Сэмми пожала плечами.
— Думаю, чудес с нас на сегодня достаточно. Хотя, — подмигнула мне она, — я бы посмотрела на Шиву и Лакшми!
Мы шли в полумраке — большую часть ламп выключили. И в этом полумраке внезапно загорелся крохотный синий огонёк и поплыл по коридору.
— Чёрт возьми, — сказала Джулия. — Это ещё что такое?
— Это эллидан, — сказала Самаэлла. — Бродячий огонёк. Они обожают сбивать путников с пути и заводить их в болота.
Я весело хмыкнул.
Сэмми протянула руку и взяла огонёк в ладонь. Её рука смотрелась забавно, просвеченная насквозь. Она выпустила его, и огонёк нетерпеливо заплясал на месте, полыхая густой лазурью. Внезапно он изобразил стремительную серию зигзагов, и в воздухе, синей гаснущей вязью, загорелось: "Идите за мной!"
Моя девушка обернулась:
— Ну… в данном случае я не вижу враждебности. Что будем делать?
— Ноденс с ним, — покорна вздохнула Джулия. — Идём. В конец концов, это наш работа. Не так ли?

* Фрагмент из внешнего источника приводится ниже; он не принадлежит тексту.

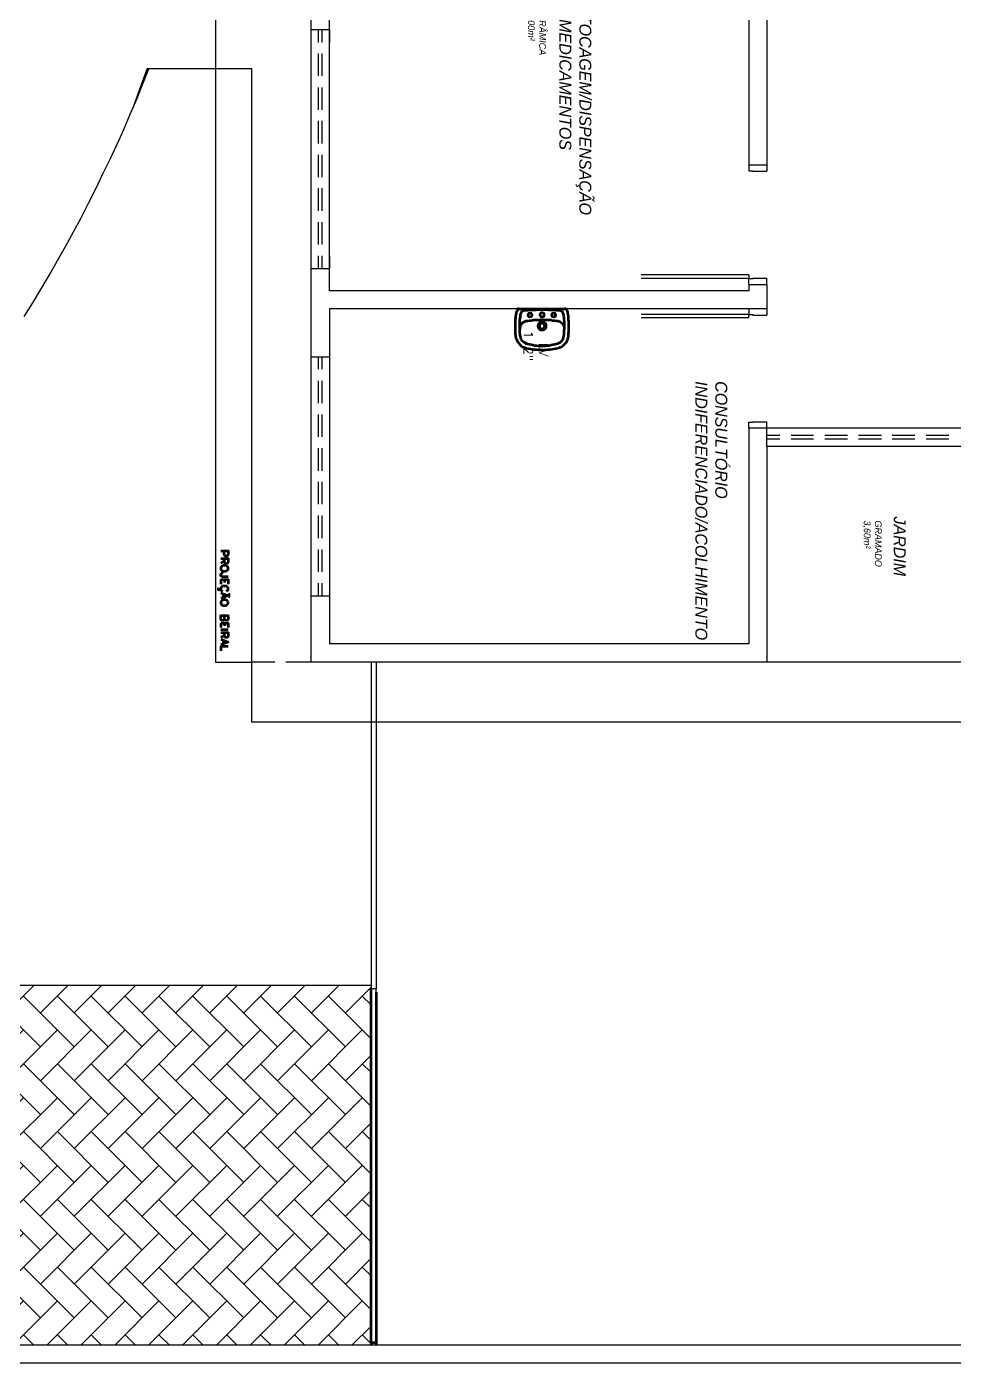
# Model space of a CAD drawing. Header units: millimetres. Extents: x 2273 to 2522, y 1034 to 1187.
# Drawn here: x 2396.62 to 2404.36, y 1155.71 to 1166.87 of the extents above; entities that cross this region are included whole.
import ezdxf

# ---------------------------------------------------------------- set-up
doc = ezdxf.new("R2010")
doc.units = ezdxf.units.MM
doc.linetypes.add('DASHEDX2', pattern=[38.1, 25.4, -12.7])
doc.layers.add('LAYER8', color=8, linetype='Continuous')
doc.layers.add('PAREDES', color=4, linetype='Continuous', lineweight=100)
doc.styles.add('Romans', font='romans.shx')
doc.styles.get("Standard").update_dxf_attribs({"font": 'arial.ttf'})

# ---------------------------------------------------------------- blocks, each defined once
blk = doc.blocks.new('PUY')
at = {"layer": 'PAREDES', "color": 0, "linetype": 'Continuous'}
for points in [[(82.745, 151.627), (82.733, 151.627), (82.718, 151.627), (82.706, 151.63), (82.692, 151.63), (82.68, 151.63), (82.665, 151.63), (82.653, 151.63), (82.639, 151.63), (82.627, 151.63), (82.612, 151.63), (82.598, 151.627), (82.586, 151.627), (82.571, 151.627), (82.559, 151.625), (82.545, 151.622), (82.533, 151.622)], [(82.533, 151.619), (82.524, 151.616), (82.515, 151.61), (82.509, 151.604), (82.506, 151.598)], [(82.509, 151.213), (82.509, 151.407), (82.509, 151.598)], [(82.524, 151.551), (82.524, 151.542), (82.524, 151.533), (82.524, 151.525), (82.521, 151.516), (82.521, 151.507), (82.521, 151.498), (82.521, 151.489), (82.521, 151.48), (82.521, 151.472), (82.521, 151.463), (82.518, 151.454), (82.518, 151.445), (82.518, 151.436), (82.518, 151.425), (82.518, 151.416), (82.518, 151.407)], [(82.556, 151.586), (82.545, 151.583), (82.533, 151.575), (82.527, 151.563), (82.524, 151.551)], [(82.577, 151.504), (82.574, 151.516), (82.562, 151.522), (82.55, 151.516), (82.545, 151.504), (82.55, 151.492), (82.562, 151.486), (82.574, 151.492), (82.577, 151.504)], [(82.68, 151.595), (82.665, 151.595), (82.65, 151.595), (82.633, 151.595), (82.618, 151.595), (82.603, 151.592), (82.586, 151.592), (82.571, 151.589), (82.556, 151.586)], [(82.612, 151.525), (82.609, 151.51), (82.609, 151.495), (82.606, 151.48), (82.606, 151.466), (82.606, 151.451), (82.606, 151.436), (82.606, 151.422), (82.606, 151.407)], [(82.636, 151.577), (82.627, 151.566), (82.618, 151.554), (82.612, 151.539), (82.612, 151.527)], [(82.683, 151.595), (82.671, 151.595), (82.656, 151.592), (82.645, 151.586), (82.633, 151.577)], [(82.739, 151.589), (82.727, 151.592), (82.712, 151.592), (82.698, 151.592), (82.683, 151.592)], [(82.803, 151.527), (82.8, 151.539), (82.795, 151.551), (82.789, 151.56), (82.78, 151.569), (82.771, 151.577), (82.762, 151.583), (82.75, 151.586), (82.739, 151.589)], [(82.839, 151.536), (82.836, 151.545), (82.833, 151.554), (82.83, 151.56), (82.827, 151.569), (82.815, 151.583), (82.806, 151.595), (82.792, 151.607), (82.777, 151.616), (82.768, 151.619), (82.762, 151.622), (82.753, 151.625), (82.745, 151.625)], [(82.818, 151.407), (82.818, 151.422), (82.818, 151.436), (82.815, 151.451), (82.815, 151.469), (82.812, 151.483), (82.809, 151.498), (82.806, 151.513), (82.803, 151.527)], [(82.853, 151.407), (82.853, 151.425), (82.853, 151.439), (82.85, 151.457), (82.85, 151.472), (82.848, 151.489), (82.845, 151.504), (82.842, 151.522), (82.839, 151.536)], [(82.518, 151.407), (82.518, 151.398), (82.518, 151.389), (82.518, 151.38), (82.518, 151.372), (82.518, 151.363), (82.521, 151.354), (82.521, 151.345), (82.521, 151.336), (82.521, 151.327), (82.521, 151.319), (82.521, 151.307), (82.521, 151.298), (82.524, 151.289), (82.524, 151.28), (82.524, 151.272), (82.524, 151.263)], [(82.577, 151.407), (82.577, 151.416), (82.568, 151.425), (82.559, 151.425), (82.55, 151.425), (82.545, 151.416), (82.542, 151.407)], [(82.542, 151.407), (82.545, 151.398), (82.55, 151.392), (82.559, 151.389), (82.568, 151.392), (82.577, 151.398), (82.577, 151.407)], [(82.606, 151.407), (82.606, 151.392), (82.606, 151.377), (82.606, 151.363), (82.606, 151.348), (82.606, 151.333), (82.609, 151.319), (82.609, 151.301), (82.612, 151.286)], [(82.689, 151.407), (82.686, 151.416), (82.683, 151.425), (82.677, 151.433), (82.671, 151.439), (82.662, 151.442), (82.653, 151.442), (82.645, 151.442), (82.636, 151.439), (82.63, 151.433), (82.624, 151.425), (82.618, 151.416), (82.618, 151.407)], [(82.618, 151.407), (82.618, 151.398), (82.624, 151.389), (82.63, 151.383), (82.636, 151.377), (82.645, 151.375), (82.653, 151.372), (82.662, 151.375), (82.671, 151.377), (82.677, 151.383), (82.683, 151.389), (82.686, 151.398), (82.689, 151.407)], [(82.677, 151.407), (82.674, 151.416), (82.668, 151.425), (82.662, 151.427), (82.653, 151.43), (82.645, 151.427), (82.639, 151.425), (82.633, 151.416), (82.63, 151.407)], [(82.63, 151.407), (82.633, 151.398), (82.639, 151.392), (82.645, 151.386), (82.653, 151.386), (82.662, 151.386), (82.668, 151.392), (82.674, 151.398), (82.677, 151.407)], [(82.803, 151.286), (82.806, 151.301), (82.809, 151.316), (82.812, 151.33), (82.815, 151.345), (82.815, 151.36), (82.818, 151.377), (82.818, 151.392), (82.818, 151.407)], [(82.839, 151.277), (82.842, 151.292), (82.845, 151.31), (82.848, 151.325), (82.85, 151.342), (82.85, 151.357), (82.853, 151.375), (82.853, 151.389), (82.853, 151.407)], [(82.577, 151.307), (82.574, 151.319), (82.562, 151.325), (82.55, 151.319), (82.545, 151.307), (82.55, 151.295), (82.562, 151.289), (82.574, 151.295), (82.577, 151.307)], [(82.506, 151.216), (82.509, 151.207), (82.515, 151.201), (82.524, 151.198), (82.533, 151.195)], [(82.524, 151.263), (82.527, 151.251), (82.533, 151.239), (82.545, 151.23), (82.556, 151.227)], [(82.533, 151.192), (82.545, 151.192), (82.559, 151.189), (82.571, 151.186), (82.586, 151.186), (82.598, 151.183), (82.612, 151.183), (82.627, 151.183), (82.639, 151.183), (82.653, 151.183), (82.665, 151.183), (82.68, 151.183), (82.692, 151.183), (82.706, 151.183), (82.718, 151.183), (82.733, 151.186), (82.745, 151.186)], [(82.556, 151.225), (82.574, 151.225), (82.589, 151.222), (82.603, 151.219), (82.621, 151.219), (82.636, 151.219), (82.65, 151.219), (82.668, 151.219), (82.683, 151.219)], [(82.612, 151.286), (82.612, 151.272), (82.618, 151.26), (82.627, 151.245), (82.636, 151.236)], [(82.636, 151.236), (82.645, 151.23), (82.656, 151.225), (82.671, 151.222), (82.683, 151.222)], [(82.683, 151.219), (82.698, 151.219), (82.709, 151.219), (82.724, 151.222), (82.739, 151.222)], [(82.739, 151.225), (82.75, 151.227), (82.762, 151.23), (82.771, 151.236), (82.78, 151.245), (82.789, 151.254), (82.795, 151.263), (82.8, 151.275), (82.803, 151.286)], [(82.745, 151.189), (82.753, 151.189), (82.762, 151.192), (82.768, 151.195), (82.777, 151.198), (82.792, 151.207), (82.806, 151.219), (82.815, 151.23), (82.827, 151.245), (82.83, 151.254), (82.833, 151.26), (82.836, 151.269), (82.839, 151.277)]]:
    blk.add_lwpolyline(points, dxfattribs=at)
blk = doc.blocks.new('IO')
at = {"layer": 'PAREDES', "color": 0, "linetype": 'Continuous'}
for points in [[(84.53, 148.725), (84.53, 148.786), (84.559, 148.786), (84.565, 148.783), (84.571, 148.78), (84.574, 148.775), (84.574, 148.766), (84.571, 148.76), (84.565, 148.757), (84.559, 148.754), (84.53, 148.754)], [(84.595, 148.725), (84.595, 148.786), (84.618, 148.786), (84.63, 148.783), (84.633, 148.78), (84.636, 148.775), (84.636, 148.769), (84.633, 148.763), (84.63, 148.76), (84.618, 148.757), (84.595, 148.757)], [(84.615, 148.757), (84.636, 148.725)], [(84.671, 148.786), (84.665, 148.783), (84.659, 148.777), (84.656, 148.772), (84.653, 148.763), (84.653, 148.748), (84.656, 148.739), (84.659, 148.733), (84.665, 148.727), (84.671, 148.725), (84.683, 148.725), (84.689, 148.727), (84.695, 148.733), (84.698, 148.739), (84.7, 148.748), (84.7, 148.763), (84.698, 148.772), (84.695, 148.777), (84.689, 148.783), (84.683, 148.786), (84.671, 148.786)], [(84.748, 148.786), (84.748, 148.739), (84.742, 148.73), (84.742, 148.727), (84.733, 148.725), (84.727, 148.725), (84.721, 148.727), (84.718, 148.73), (84.715, 148.739), (84.715, 148.745)], [(84.771, 148.725), (84.771, 148.786), (84.809, 148.786)], [(84.771, 148.757), (84.795, 148.757)], [(84.868, 148.772), (84.865, 148.777), (84.859, 148.783), (84.853, 148.786), (84.842, 148.786), (84.836, 148.783), (84.83, 148.777), (84.824, 148.772), (84.824, 148.763), (84.824, 148.748), (84.824, 148.739), (84.83, 148.733), (84.836, 148.727), (84.842, 148.725), (84.853, 148.725), (84.859, 148.727), (84.865, 148.733), (84.868, 148.739)], [(84.88, 148.725), (84.903, 148.786), (84.927, 148.725)], [(84.889, 148.789), (84.892, 148.795)], [(84.898, 148.795), (84.889, 148.795)], [(84.889, 148.745), (84.918, 148.745)], [(84.9, 148.795), (84.903, 148.792)], [(84.903, 148.795), (84.909, 148.795)], [(84.912, 148.792), (84.915, 148.801)], [(84.956, 148.786), (84.953, 148.783), (84.945, 148.777), (84.942, 148.772), (84.939, 148.763), (84.939, 148.748), (84.942, 148.739), (84.945, 148.733), (84.953, 148.727), (84.956, 148.725), (84.968, 148.725), (84.974, 148.727), (84.983, 148.733), (84.983, 148.739), (84.986, 148.748), (84.986, 148.763), (84.983, 148.772), (84.983, 148.777), (84.974, 148.783), (84.968, 148.786), (84.956, 148.786)], [(85.095, 148.757), (85.106, 148.754), (85.109, 148.751), (85.112, 148.745), (85.112, 148.736), (85.109, 148.73), (85.106, 148.727), (85.095, 148.725), (85.071, 148.725), (85.071, 148.786), (85.095, 148.786), (85.106, 148.783), (85.109, 148.78), (85.112, 148.775), (85.112, 148.769), (85.109, 148.763), (85.106, 148.76), (85.095, 148.757), (85.071, 148.757)], [(85.133, 148.725), (85.133, 148.786), (85.171, 148.786)], [(85.133, 148.757), (85.156, 148.757)], [(85.189, 148.786), (85.189, 148.725)], [(85.212, 148.725), (85.212, 148.786), (85.239, 148.786), (85.248, 148.783), (85.253, 148.78), (85.253, 148.775), (85.253, 148.769), (85.253, 148.763), (85.248, 148.76), (85.239, 148.757), (85.212, 148.757)], [(85.233, 148.757), (85.253, 148.725)], [(85.268, 148.725), (85.292, 148.786), (85.315, 148.725)], [(85.277, 148.745), (85.306, 148.745)], [(85.33, 148.786), (85.33, 148.725), (85.365, 148.725)], [(84.771, 148.725), (84.809, 148.725)], [(84.842, 148.707), (84.845, 148.704), (84.853, 148.704), (84.856, 148.707), (84.856, 148.713), (84.853, 148.716), (84.848, 148.716), (84.848, 148.725)], [(85.133, 148.725), (85.171, 148.725)]]:
    blk.add_lwpolyline(points, dxfattribs=at)
blk = doc.blocks.new('PT')
at = {"layer": 'PAREDES', "color": 0, "linetype": 'Continuous'}
for points in [[(91.139, 149.98), (88.186, 149.98)], [(88.215, 150.022), (91.139, 150.022)], [(91.139, 149.98), (91.139, 150.022), (91.162, 150.022)], [(91.139, 149.98), (91.162, 149.98)]]:
    blk.add_lwpolyline(points, dxfattribs=at)

msp = doc.modelspace()

# ---------------------------------------------------------------- hatches: boundary and pattern name
at = {"layer": 'LAYER8', "linetype": 'Continuous'}
msp.add_hatch(color=252, dxfattribs=at).paths.add_polyline_path([(2397.64, 1166.518), (2397.628, 1166.518), (2397.628, 1166.495)])
h = msp.add_hatch(dxfattribs=at)
h.set_pattern_fill('AR-HBONE', color=252, scale=0.05, angle=-90, style=0)
h.set_pattern_definition([(315, (2249.51562, 1247.02476), (0.28284271, -5e-17), [0.6, -0.2]), (45, (2249.65704, 1246.88334), (0.28284271, -5e-17), [0.6, -0.2])])
h.paths.add_polyline_path([(2399.496, 1155.863), (2399.496, 1155.886), (2399.496, 1158.839), (2399.496, 1158.865), (2391.993, 1158.865), (2391.993, 1155.863)])
h.paths.add_polyline_path([(2395.79, 1157.772), (2395.79, 1157.043), (2395.992, 1157.043), (2395.992, 1157.772)], flags=24)
h.paths.add_polyline_path([(2395.991, 1158.01), (2395.991, 1157.081), (2396.141, 1157.081), (2396.141, 1158.01)], flags=24)

# ---------------------------------------------------------------- linework, layer by layer
at = {"layer": 'LAYER8', "linetype": 'DASHEDX2'}
msp.add_line((2398.196, 1167.018), (2398.196, 1161.565), dxfattribs=at)
at = {"layer": 'LAYER8', "linetype": 'ByBlock'}
for p, q in [((2402.799, 1163.365), (2402.799, 1163.518)), ((2398.196, 1161.565), (2398.505, 1161.565)), ((2399.537, 1158.81), (2399.537, 1158.839))]:
    msp.add_line(p, q, dxfattribs=at)
at = {"layer": 'LAYER8', "linetype": 'Continuous'}
for points in [[(2399.149, 1164.665), (2399.149, 1168.668)], [(2402.799, 1167.468), (2402.799, 1165.718)], [(2402.649, 1167.318), (2402.649, 1165.718)], [(2398.996, 1161.565), (2398.996, 1167.018)], [(2398.996, 1166.739), (2398.996, 1166.848), (2399.149, 1166.848), (2399.149, 1166.739)], [(2402.649, 1165.718), (2402.799, 1165.718)], [(2399.149, 1164.957), (2399.149, 1164.848), (2398.996, 1164.848)], [(2402.649, 1164.718), (2402.649, 1164.665)], [(2402.649, 1164.718), (2402.799, 1164.718)], [(2402.799, 1164.718), (2402.799, 1164.515)], [(2402.649, 1164.665), (2399.149, 1164.665)], [(2402.799, 1164.515), (2399.149, 1164.515), (2399.149, 1161.718)], [(2398.996, 1164.01), (2398.996, 1164.115), (2399.149, 1164.115), (2399.149, 1164.01)], [(2402.649, 1163.518), (2402.649, 1161.718)], [(2404.949, 1163.518), (2402.649, 1163.518)], [(2402.799, 1163.365), (2402.799, 1161.565)], [(2404.799, 1163.365), (2402.799, 1163.365)], [(2399.149, 1162.224), (2399.149, 1162.115), (2398.996, 1162.115)], [(2402.649, 1161.718), (2399.149, 1161.718)], [(2402.799, 1161.565), (2398.996, 1161.565)], [(2399.496, 1161.565), (2399.496, 1158.839)], [(2399.537, 1161.565), (2399.537, 1158.839)], [(2404.799, 1161.565), (2402.799, 1161.565)], [(2399.537, 1158.839), (2399.496, 1158.839)], [(2419.605, 1155.863), (2391.993, 1155.863)], [(2419.758, 1155.713), (2391.993, 1155.713)]]:
    msp.add_lwpolyline(points, dxfattribs=at)
at = {"layer": 'LAYER8', "color": 0, "linetype": 'Continuous'}
for points in [[(2399.058, 1166.739), (2399.058, 1166.848)], [(2399.087, 1166.739), (2399.087, 1166.848)], [(2399.058, 1166.46), (2399.058, 1166.645)], [(2399.087, 1166.46), (2399.087, 1166.645)], [(2396.599, 1164.451), (2396.672, 1164.565), (2396.743, 1164.683), (2396.811, 1164.798), (2396.878, 1164.918), (2396.946, 1165.036), (2397.011, 1165.157), (2397.075, 1165.274), (2397.137, 1165.398), (2397.199, 1165.518), (2397.258, 1165.642), (2397.317, 1165.765), (2397.375, 1165.889), (2397.431, 1166.013), (2397.484, 1166.139), (2397.54, 1166.265), (2397.59, 1166.392), (2397.64, 1166.518)], [(2398.499, 1166.518), (2397.64, 1166.518)], [(2398.499, 1161.065), (2398.499, 1166.518)], [(2399.058, 1166.177), (2399.058, 1166.363)], [(2399.087, 1166.177), (2399.087, 1166.363)], [(2399.058, 1165.895), (2399.058, 1166.083)], [(2399.087, 1165.895), (2399.087, 1166.083)], [(2399.058, 1165.613), (2399.058, 1165.801)], [(2399.087, 1165.613), (2399.087, 1165.801)], [(2402.649, 1165.718), (2402.649, 1165.668)], [(2402.649, 1165.668), (2402.681, 1165.668), (2402.681, 1165.663), (2402.799, 1165.663)], [(2402.799, 1165.718), (2402.799, 1165.663)], [(2399.058, 1165.333), (2399.058, 1165.521)], [(2399.087, 1165.333), (2399.087, 1165.521)], [(2399.058, 1165.051), (2399.058, 1165.239)], [(2399.087, 1165.051), (2399.087, 1165.239)], [(2398.996, 1164.848), (2398.996, 1164.957)], [(2399.058, 1164.848), (2399.058, 1164.957)], [(2399.087, 1164.848), (2399.087, 1164.957)], [(2402.649, 1164.798), (2401.749, 1164.798)], [(2402.649, 1164.768), (2401.749, 1164.768)], [(2402.649, 1164.798), (2402.649, 1164.768), (2402.681, 1164.768), (2402.681, 1164.771), (2402.799, 1164.771)], [(2402.649, 1164.718), (2402.649, 1164.768)], [(2402.799, 1164.718), (2402.799, 1164.771)], [(2402.649, 1164.515), (2402.649, 1164.468)], [(2402.799, 1164.515), (2402.799, 1164.463)], [(2402.649, 1164.468), (2401.749, 1164.468)], [(2402.649, 1164.439), (2401.749, 1164.439)], [(2402.649, 1164.439), (2402.649, 1164.468), (2402.681, 1164.468), (2402.681, 1164.463), (2402.799, 1164.463)], [(2399.058, 1164.01), (2399.058, 1164.115)], [(2399.087, 1164.01), (2399.087, 1164.115)], [(2399.058, 1163.727), (2399.058, 1163.913)], [(2399.087, 1163.727), (2399.087, 1163.913)], [(2399.058, 1163.445), (2399.058, 1163.633)], [(2399.087, 1163.445), (2399.087, 1163.633)], [(2402.649, 1163.568), (2402.681, 1163.568), (2402.681, 1163.571), (2402.799, 1163.571)], [(2402.649, 1163.518), (2402.649, 1163.568)], [(2402.799, 1163.518), (2402.799, 1163.571)], [(2402.908, 1163.457), (2402.799, 1163.457)], [(2402.908, 1163.427), (2402.799, 1163.427)], [(2403.19, 1163.457), (2403.002, 1163.457)], [(2403.19, 1163.427), (2403.002, 1163.427)], [(2403.472, 1163.457), (2403.284, 1163.457)], [(2403.472, 1163.427), (2403.284, 1163.427)], [(2403.755, 1163.457), (2403.564, 1163.457)], [(2403.755, 1163.427), (2403.564, 1163.427)], [(2404.034, 1163.457), (2403.846, 1163.457)], [(2404.034, 1163.427), (2403.846, 1163.427)], [(2404.317, 1163.457), (2404.128, 1163.457)], [(2404.317, 1163.427), (2404.128, 1163.427)], [(2399.058, 1163.163), (2399.058, 1163.351)], [(2399.087, 1163.163), (2399.087, 1163.351)], [(2399.058, 1162.883), (2399.058, 1163.071)], [(2399.087, 1162.883), (2399.087, 1163.071)], [(2399.058, 1162.601), (2399.058, 1162.789)], [(2399.087, 1162.601), (2399.087, 1162.789)], [(2399.058, 1162.318), (2399.058, 1162.507)], [(2399.087, 1162.318), (2399.087, 1162.507)], [(2398.996, 1162.115), (2398.996, 1162.224)], [(2399.058, 1162.115), (2399.058, 1162.224)], [(2399.087, 1162.115), (2399.087, 1162.224)], [(2400.108, 1161.718), (2399.508, 1161.718)], [(2398.693, 1161.565), (2398.505, 1161.565)], [(2398.996, 1161.565), (2398.784, 1161.565)], [(2409.102, 1161.065), (2398.499, 1161.065)], [(2399.496, 1158.865), (2391.993, 1158.865), (2388.993, 1158.865)], [(2396.628, 1158.865), (2396.628, 1158.865)], [(2399.149, 1158.865), (2399.149, 1158.865)]]:
    msp.add_lwpolyline(points, dxfattribs=at)
at = {"layer": 'LAYER8', "color": 252, "linetype": 'Continuous'}
for points in [[(2397.517, 1166.218), (2397.628, 1166.518), (2397.628, 1166.495), (2397.517, 1166.218)], [(2397.64, 1166.518), (2397.628, 1166.518), (2397.628, 1166.495), (2397.64, 1166.518)]]:
    msp.add_lwpolyline(points, dxfattribs=at)

# ---------------------------------------------------------------- block references
at = {"layer": 'LAYER8', "linetype": 'ByBlock', "rotation": 270}
for name in ['PUY', 'IO', 'PT']:
    msp.add_blockref(name, (2249.516, 1247.025), dxfattribs=at)

# ---------------------------------------------------------------- texts
at = {"color": 3, "style": 'Romans'}
for s, p in [('1/2"', (2400.772, 1164.33)), ('LV', (2400.898, 1164.23))]:
    msp.add_text(s, height=0.075, rotation=270, dxfattribs=at).set_placement(p)
at = {"layer": 'LAYER8', "color": 0, "linetype": 'Continuous', "width": 1.59152, "attachment_point": 1, "rotation": 270}
for s, insert, char_height in [('{\\fHarlow Solid Italic|b0|i0|c0|p82;ESTOCAGEM/DISPENSAÇÃO\\PDE MEDICAMENTOS}', (2401.334, 1167.156), 0.1), ('{\\fHarlow Solid Italic|b0|i0|c0|p82;CERÂMICA\\P14,00m²}', (2400.955, 1167.028), 0.05604), ('{\\fHarlow Solid Italic|b0|i0|c0|p82;CONSULTÓRIO\\PINDIFERENCIADO/ACOLHIMENTO}', (2402.469, 1163.911), 0.1), ('{\\fHarlow Solid Italic|b0|i0|c0|p82;GRAMADO\\P3,60m²}', (2403.758, 1162.748), 0.05604), ('{\\fHarlow Solid Italic|b0|i0|c0|p82;JARDIM}', (2403.959, 1162.781), 0.1)]:
    msp.add_mtext(s, dxfattribs=dict(at, insert=insert, char_height=char_height))

doc.saveas('drawing.dxf')

Мы прошли лабиринты тёмных коридоров и ступили в Последний Зал.
Светильники в нём не горели, но в этом не было нужды.
По нему шёл кто-то, на кого невозможно было смотреть. Он ослеплял. Вокруг него танцевали снежинки. Снегом замело пол. И там, где он ступал, распускались яркие, алебастрово-белые подснежники. По стенам, подобно волшебной резьбе, разбегались узоры инея.
— Что это ещё, чёрт возьми, такое?! — изумлённо пробормотала Джулия.
— Это он, — благоговейно сказал я. — дух Рождества.
Никогда ранее я не видел Его. В нём не было разухабистой развязности Джека-Тыквы, не было ласковой чувственности Ляли-Весны. Не было жестокого холода Зимы-Мороза.
Он был совсем другим.
Одно из могущественнейших существ во Вселенной.
Его сопровождала мелодия — мягкая, тихая, похожая на сопрано флейты. Свечение не позволяло рассмотреть его лицо. Но мне показалось, что его окружают порхающие феи.
Дух чудес, дух сказок, дух волшебства.
Самаэлла тихонько потянула меня за руку.
— Ты знаешь, — тихонько сказала она, — я не уверена, что людям стоит смотреть на
Но я не мог сдвинуться места. Призрак прошёл по опустевшему залу и остановился возле одного из коридоров. Весь зал бы покрыт белоснежными цветами. А стены украсили морозные узоры.
Мы молчали.
И тогда слова, тихие и доброжелательные, прозвучали у меня в голове:
— Хорошего рождества.
Сияние погасло. Призрак исчез. А снег всё так же шёл.